There are a few Web site design guidelines that every budding Web site designer should keep in mind in order to attract more traffic to their site, because there’s nothing like a poorly designed site to instantly lose traffic and alienate potential visitors. While there are some exceptions to this rule, for the most part this holds true for the majority of Web sites out there.
You can have the best written content and the most targeted keywords on the Net, but if your website is visually jarring or completely confusing navigation-wise, you might be missing out on some potential traffic.
KEYWORD-RICH PAGES. In the past you had to be extremely careful not to overuse your keyword phrases for fear that the search engines would consider you an engine spammer and penalize you. Six per page was the maximum number of repetitions suggested.
KEYWORD-RICH PAGE NAMES. Name your pages using keywords relevant to the product sold on that page, or the most relevant content. For example, if my page were about Proform Treadmills, I would call the page exactly that ‘proform-treadmills.html’.
SITE MAP. Offer your visitors a site map with links that point to all the important pages and sections of your site. If your site consists of one hundred or more pages, you may wish to break the site map up into separate pages.
RELEVANT CONTENT. Jill Whalen, a well-known search engine (SE) expert advises that you should work with at least 250 words on a page for search engine optimization purposes. More or less words will also work, but she makes the point that you need at least 250 words so that you can repeat your keyword phrases a number of times throughout the page without seeming ‘dopey’.

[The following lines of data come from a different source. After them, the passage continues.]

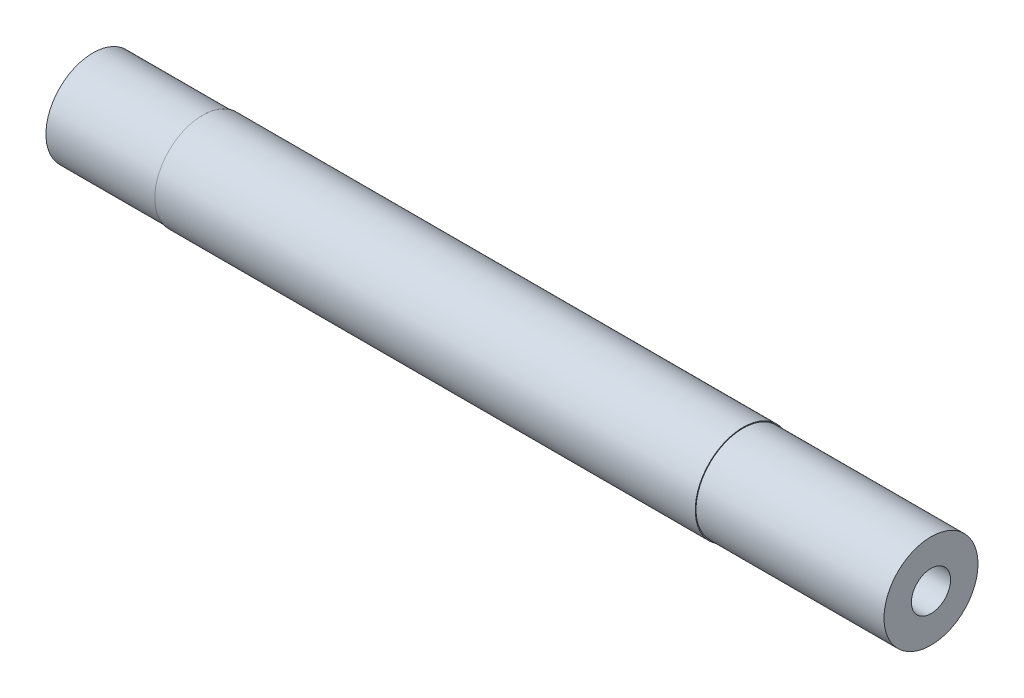
SolidWorks part; units mm, degrees
material "AISI 1020"
ref_plane "Front Plane" through (0, 0, 0) normal (0, 0, 1) x (1, 0, 0)
ref_plane "Top Plane" through (0, 0, 0) normal (0, 1, 0) x (1, 0, 0)
ref_plane "Right Plane" through (0, 0, 0) normal (1, 0, 0) x (0, 0, -1)
sketch "Sketch1" plane through (0, 0, 0) normal (0, 1, 0) x (1, 0, 0)
  line L0 (0, 0) -> (-9.079, 0) construction
  line L1 (0, 0) -> (7, 0)
  line L2 (0, 0) -> (0, 3)
  line L3 (0, 3) -> (7, 3)
  line L5 (7, 0) -> (41.5, 0)
  line L6 (7, 3) -> (7, 3.05)
  line L7 (7, 3.05) -> (41.5, 3.05)
  line L8 (41.5, 3) -> (41.5, 3.05)
  line L9 (41.5, 0) -> (53.5, 0)
  line L11 (41.5, 3) -> (53.5, 3)
  line L12 (53.5, 0) -> (53.5, 3)
  dimension "D1" = 6
  dimension "D2" = 7
  dimension "D3" = 6.1
  dimension "D4" = 34.5
  dimension "D5" = 12
  dimension "D6" = 53.5
revolve "Revolve1" add sketch "Sketch1" angle 360 about L0
cosmetic thread "Representação de rosca1" parameters "D2"=4.891
cosmetic thread "Representação de rosca2" parameters "D2"=4.891
sketch "Esboço1" plane through (53.5, 0, 0) normal (1, 0, 0) x (0, 0, -1)
  circle A0 centre (0, 0) radius 1.25
  dimension "D1" = 2.5
extrude "Corte-extrusão1" cut sketch "Esboço1" against normal blind 10

ELIMINATE CLUTTER. Search engines don’t read graphics or javascript, and they get confused when they encounter nested tables. If all that stuff precedes the first most important keyword phrases on your page, your ranking may be lowered as the SE considers that phrase less relevant, due to its low placement on the page.
Title Tags - The title tag is perhaps one of the most crucial factors in how a search engine will rank your site. The text you use in the title tag must include your most relevant keyword phrases. It must also make sense, as the title tag text is the wording that appears in the reverse bar of your browser. That’s the blue bar right across the top of your browser window. It is also what the text that most of the search engines will display as the title for your listing.
AVOID TRICKS AND DECEPTION. Google makes similar site quality recommendations to those below to help you avoid having your site removed from their index.
This includes using hidden text or links, sneaky redirects; pages loaded with irrelevant keywords and the use of ‘doorway’ pages. Google also recommends against creating subdomains and domains with essentially duplicate content.This includes using hidden text or links, sneaky redirects; pages loaded with irrelevant keywords and the use of ‘doorway’ pages. Google also recommends against creating subdomains and domains with essentially duplicate content.